Metadata-Version: 2.1
Name: grouped_gemm
Version: 0.1.6
Summary: Grouped GEMM
Home-page: https://github.com/tgale06/grouped_gemm
Author: Trevor Gale
Author-email: tgale@stanford.edu
Classifier: Programming Language :: Python :: 3
Classifier: License :: OSI Approved :: BSD License
Classifier: Operating System :: Unix
Description-Content-Type: text/markdown
License-File: LICENSE
Provides-Extra: dev
Requires-Dist: absl-py; extra == "dev"
Provides-Extra: all
Requires-Dist: absl-py; extra == "all"

# Grouped GEMM

A lighweight library exposing grouped GEMM kernels in PyTorch.

# Installation

Run `pip install grouped_gemm` to install the package.

# Compiling from source

By default, the installed package runs in conservative (`cuBLAS`) mode:
it launches one GEMM kernel per batch element instead of using a single
grouped GEMM kernel for the whole batch.

To enable using grouped GEMM kernels, you need to switch to the `CUTLASS`
mode by setting the `GROUPED_GEMM_CUTLASS` environment variable to `1`
when building the library.

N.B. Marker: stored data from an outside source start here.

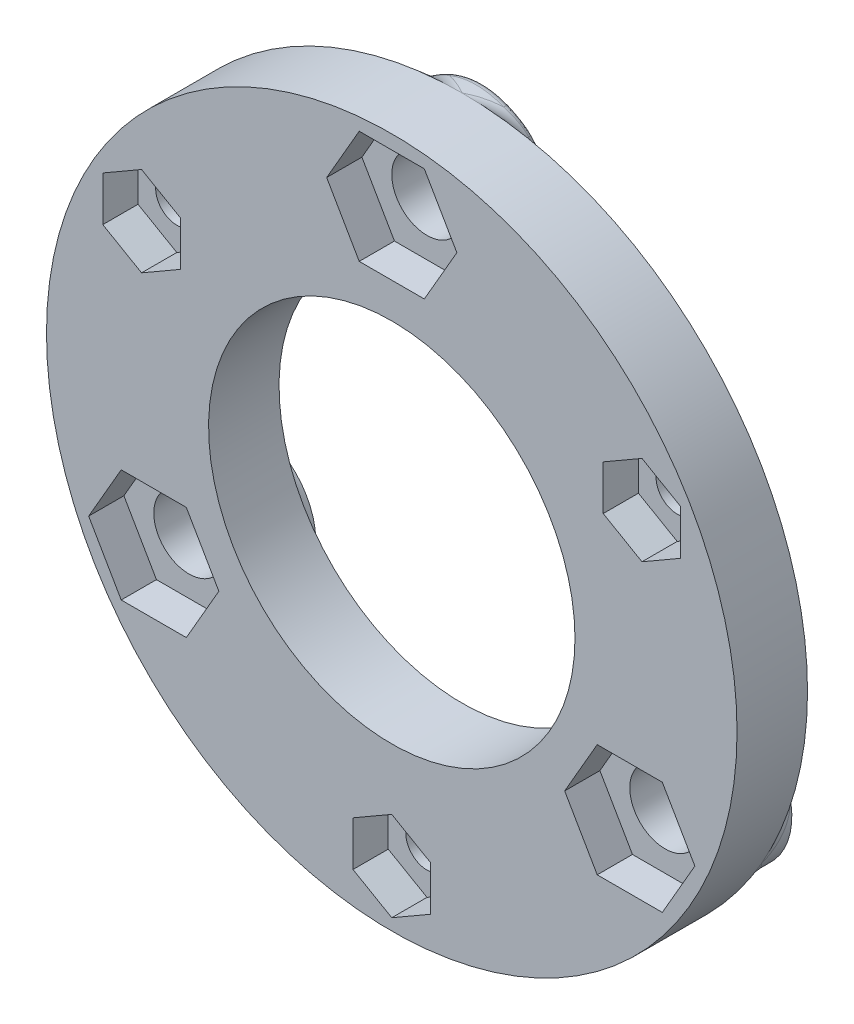
SolidWorks part; units mm, degrees
ref_plane "Front Plane" through (0, 0, 0) normal (0, 0, 1) x (1, 0, 0)
ref_plane "Top Plane" through (0, 0, 0) normal (0, 1, 0) x (1, 0, 0)
ref_plane "Right Plane" through (0, 0, 0) normal (1, 0, 0) x (0, 0, -1)
sketch "Sketch2" plane through (0, 0, 0) normal (0, 0, 1) x (1, 0, 0)
  line L0 (0, 19.5) -> (0, 0) construction
  line L1 (0, 0) -> (17.7535, 10.25) construction
  circle A0 centre (0, 0) radius 24.5
  circle A1 centre (0, 0) radius 13
  circle A2 centre (0, 0) radius 19.5 construction
  circle A3 centre (0, 19.5) radius 2.5
  circle A4 centre (0, 0) radius 20.5 construction
  circle A5 centre (16.8875, -9.75) radius 2.5
  circle A8 centre (17.7535, 10.25) radius 1.5
  circle A9 centre (0, -20.5) radius 1.5
  circle A11 centre (0, 0) radius 6.5 construction
  circle A14 centre (0, 19.5) radius 5 construction
  circle A15 centre (0, 0) radius 14.5 construction
  circle A16 centre (-16.8875, -9.75) radius 2.5
  circle A19 centre (-17.7535, 10.25) radius 1.5
  point P17 (0, 0)
  point P24 (0, 0)
  dimension "D1" = 49
  dimension "D2" = 39
  dimension "D4" = 5
  dimension "D7" = 3
  dimension "D3" = 13
  dimension "D10" = 10
  dimension "D5" = 4
  dimension "D9" = 1.5
  dimension "D11" = 60
  dimension "D6" = 3
  dimension "D8" = 3
extrude "Boss-Extrude1" add sketch "Sketch2" along normal blind 5
sketch "Sketch3" plane through (0, 0, 5) normal (0, 0, 1) x (1, 0, 0)
  line L0 (0, 19.5) -> (0, 0) construction
  line L13 (-4.6188, 19.5) -> (-2.3094, 15.5)
  line L14 (-2.3094, 15.5) -> (2.3094, 15.5)
  line L15 (2.3094, 15.5) -> (4.6188, 19.5)
  line L16 (4.6188, 19.5) -> (2.3094, 23.5)
  line L17 (2.3094, 23.5) -> (-2.3094, 23.5)
  line L18 (-2.3094, 23.5) -> (-4.6188, 19.5)
  line L20 (17.7535, 7.0746) -> (20.5035, 8.6623)
  line L21 (20.5035, 8.6623) -> (20.5035, 11.8377)
  line L22 (20.5035, 11.8377) -> (17.7535, 13.4254)
  line L23 (17.7535, 13.4254) -> (15.0035, 11.8377)
  line L24 (15.0035, 11.8377) -> (15.0035, 8.6623)
  line L25 (15.0035, 8.6623) -> (17.7535, 7.0746)
  circle A0 centre (0, 19.5) radius 4 construction
  circle A1 centre (17.7535, 10.25) radius 2.75 construction
  dimension "D1" = 8
  dimension "D2" = 5.5
extrude "Cut-Extrude1" cut sketch "Sketch3" against normal blind 2.5
pattern_circular "CirPattern1" count 3 over 360 about axis through (0, 0, 5) along (0, 0, -1) of "Cut-Extrude1" reverse direction yes
sketch "Sketch4" plane through (0, 0, 0) normal (0, 0, -1) x (-1, 0, 0)
  circle A0 centre (0, 19.5) radius 4
  circle A1 centre (0, 19.5) radius 5
  dimension "D1" = 8
extrude "Boss-Extrude2" add sketch "Sketch4" along normal blind 1.5
fillet "Fillet1" radius 1.5 1 edges at (-5, 19.5, 0)
fillet "Fillet2" radius 0.5 2 edges at (0, 24.5, -1.5) (0, 14.5, -1.5)
chamfer "Chamfer1" distance 0.25 angle 45 1 edges at (-4, 19.5, -1.5)
pattern_circular "CirPattern2" count 3 over 360 about axis through (0, 0, 5) along (0, 0, -1) of "Fillet1", "Boss-Extrude2", "Chamfer1" reverse direction yes
equation "\"Nr\"= \"Ns\" + 2 * \"Np\"'num teeth"
equation "\"module\"= 0.65"
equation "\"pressure_angle\"= 20deg"
equation "\"h_a\"= 1 * \"module\"'addendum"
equation "\"h_f\"= 1.25 * \"module\"'dedendum"
equation "\"clr_tip_root\"= \"h_f\" - \"h_a\"'clearance of gear tooth tip and root"
equation "\"dp_r\"= \"module\" * \"Nr\"'PCD"
equation "\"db_r\"= \"dp_r\" * cos ( \"pressure_angle\" )'base CD"
equation "\"fw_r\"= 11.5mm'face width"
equation "\"alpha_r\"= sqr ( \"dp_r\" ^ 2 - \"db_r\" ^ 2 ) / \"db_r\" * 180 / pi - \"pressure_angle\""
equation "\"beta_r\"= ( 360 / ( 4 * \"Nr\" ) + \"alpha_r\" ) * 2"
equation "\"bearing_ID\"= \"module\" * ( \"Ns\" + \"Np\" ) + 10"
equation "\"bearing_OD\"= 1.18 * \"bearing_ID\" + 8.57"
equation "\"bearing_height\"= 0.09 * \"bearing_ID\" + 4.62"
equation "\"clearance_planet\"=1.5"
equation "\"case_dist\"= \"sec_carrier_thickness\" + \"clearance_planet\" + \"sun_coupler_hub_thickness\" - \"case_mounting_surface_height\""
equation "\"Motor_case_OD_max\"= \"case_mounting_PCD\" + \"case_mounting_hole_allen_socket_dia\" + \"clearance_case_mount_holes_shell_thickness\" * 2"
equation "\"case_mounting_PCD\"= \"motor_case_OD_base\" + \"case_mounting_hole_shift\" * 2"
equation "\"bearing mount thickness\"= \"output_mounting_hole_dia\" * 2"
equation "\"case_mounting_hole_dia\"=3"
equation "\"output_mounting_PCD\"= \"bearing_OD\" + \"bearing mount thickness\""
equation "\"output_mounting_hole_dia\"= 4"
equation "\"clearance_case_mount_holes_shell_thickness\"= 1"
equation "\"motor_case_OD_base\"= \"motor_OD\" + \"clearance_motor_and_case\" * 2 + \"Motor_case_thickness\" * 2"
equation "\"sec_carrier_thickness\"= 5"
equation "\"sun_coupler_hub_thickness\"= 4"
equation "\"clearance_sun_coupler_sec_carrier\"= 1.5"
equation "\"clearance_motor_and_case\"= 2.2"
equation "\"motor_OD\"= 72"
equation "\"Motor_case_thickness\"= 2"
equation "\"Motor_case_ID\"= \"motor_OD\" + \"clearance_motor_and_case\" * 2"
equation "\"case_mounting_hole_shift\"= \"case_mounting_hole_dia\" / 2 - 0.5"
equation "\"output_mounting_nut_wrench_size\"= 7"
equation "\"output_mounting_nut_thickness\"= 3.2"
equation "\"case_mounting_hole_allen_socket_dia\"= 5.5"
equation "\"output_mounting_nut_depth\"= 3"
equation "\"case_mounting_bolt_depth\"= 4.5"
equation "\"Ns\"= 20"
equation "\"Np\"= 40"
equation "\"ring_radial_thickness\"= 5"
equation "\"ring_OD\"= \"Nr\" * \"module\" + \"ring_radial_thickness\" * 2"
equation "\"ring_to_chamfer_clearance\"= 2"
equation "\"Motor_case_OD_base_to_chamfer\"=5"
equation "\"pattern_offset_from_motor_case_OD_base\"= 3"
equation "\"pattern_bulge_dia\"= 3"
equation "\"pattern_num_bulge\"= 18"
equation "\"pattern_depth\"= 2"
equation "\"motor_height\"= 27"
equation "\"case_mounting_wrench_size\"= 5.5"
equation "\"case_mounting_nut_clearance\"= 2"
equation "\"base_plate_thickness\"= 4"
equation "\"case_mounting_nut_thickness\"= 2.4"
equation "\"case_mounting_surface_height\"= 4"
equation "\"motor_mount_hole_PCD\"= 32"
equation "\"motor_mount_hole_dia\"= 4"
equation "\"motor_mount_hole_num\"= 4"
equation "\"central_hole_offset_from_motor_mount_PCD\"= 5"
equation "\"wire_slot_dist_from_center\"= 30"
equation "\"wire_slot_length\"= 10"
equation "\"wire_slot_radius\"= 4"
equation "\"driver_upper_holes_dist_from_center\"= 23"
equation "\"driver_lower_holes_dist_from_center\"= 15"
equation "\"driver_side_holes_dist_from_center\"= 20"
equation "\"driver_mount_holes_dia\"= 2.5"
equation "\"driver_mount_inserts_OD\"= 3.5"
equation "\"driver_mount_thickness\"= 1.5"
equation "\"driver_mount_height\"= 4"
equation "\"air_flow_hole_offset\"= 3"
equation "\"num_planet\"= 3"
equation "\"planet_pin_bolt_dia\"= 5"
equation "\"planet_pin_socket_head_dia\"= 8.5"
equation "\"carrier_PCD\"= ( \"Np\" + \"Ns\" ) * \"module\""
equation "\"D1@Sketch2\"=\"bearing_ID\""
equation "\"D2@Sketch2\"=\"carrier_PCD\""
equation "\"D4@Sketch2\"=\"planet_pin_bolt_dia\""
equation "\"D6@Sketch2\"=\"num_planet\""
equation "\"D8@Sketch2\"=\"num_planet\""
equation "\"D1@CirPattern1\"=\"num_planet\""
equation "\"planet_shaft_dia\"= 8"
equation "\"fw_p\"= \"fw_r\""
equation "\"planet_shaft_step_offset\"= 1"
equation "\"carrier_trapezoidal_support_sun_offset\"= 5"
equation "\"carrier_trapezoidal_support_hole_PCD_offset_bearing_ID\"= 4"
equation "\"carrier_trapezoidal_support_hole_dia\"= 3"
equation "\"carrier_trapezoidal_support_hole_socket_head_dia\"= 5.5"
equation "\"carrier_bearing_step_width\"= 1.5"
equation "\"standard_clearance_1_5mm\"=1.5"
equation "\"standard_fillet_1_5mm\"= 1.5"
equation "\"sun_shaft_bearing_OD\"= 16"
equation "\"sun_shaft_bearing_width\"= 4"
equation "\"standard_bearing_insertion_chamfer\"= 0.5"
equation "\"D7@Sketch2\"=\"carrier_trapezoidal_support_hole_dia\""
equation "\"D5@Sketch2\"=\"carrier_trapezoidal_support_hole_PCD_offset_bearing_ID\""
equation "\"D3@Sketch2\"=\"Ns\"*\"module\""
equation "\"carrier_trapezoidal_support_hole_wrench_size\"= 5.5"
equation "\"planet_pin_bolt_wrench_size\"= 8"
equation "\"D1@Boss-Extrude1\"=\"sec_carrier_thickness\""
equation "\"D1@Cut-Extrude1\"=\"sec_carrier_thickness\"/2"
equation "\"D1@Sketch4\"=\"planet_shaft_dia\""
equation "\"D2@Sketch4\"=\"planet_shaft_step_offset\""
equation "\"D1@Boss-Extrude2\"=\"clearance_planet\""
equation "\"D1@Fillet1\"=\"standard_fillet_1_5mm\""
equation "\"D1@Chamfer1\"=\"standard_bearing_insertion_chamfer\"/2"
equation "\"D1@Fillet2\"=\"standard_fillet_1_5mm\"/3"
equation "\"D1@CirPattern2\"=\"num_planet\""
equation "\"D10@Sketch2\"=\"planet_shaft_dia\"+\"planet_shaft_step_offset\"*2"
equation "\"D9@Sketch2\"=\"standard_clearance_1_5mm\""
equation "\"D1@Sketch3\"=\"planet_pin_bolt_wrench_size\""
equation "\"D11@Sketch2\"=180/\"num_planet\""
equation "\"D2@Sketch3\"=\"carrier_trapezoidal_support_hole_wrench_size\""

For example, to build the library in `CUTLASS`
mode for Ampere (SM 8.0), clone the repository and run the following:

```bash
$ TORCH_CUDA_ARCH_LIST=8.0 GROUPED_GEMM_CUTLASS=1 pip install .
```

See [this comment](https://github.com/tgale96/grouped_gemm/pull/14#issuecomment-2211362572)
for some performance measurements on A100 and H100.

# Upcoming features

* Running grouped GEMM kernels without GPU<->CPU synchronization points.
* Hopper-optimized grouped GEMM kernels.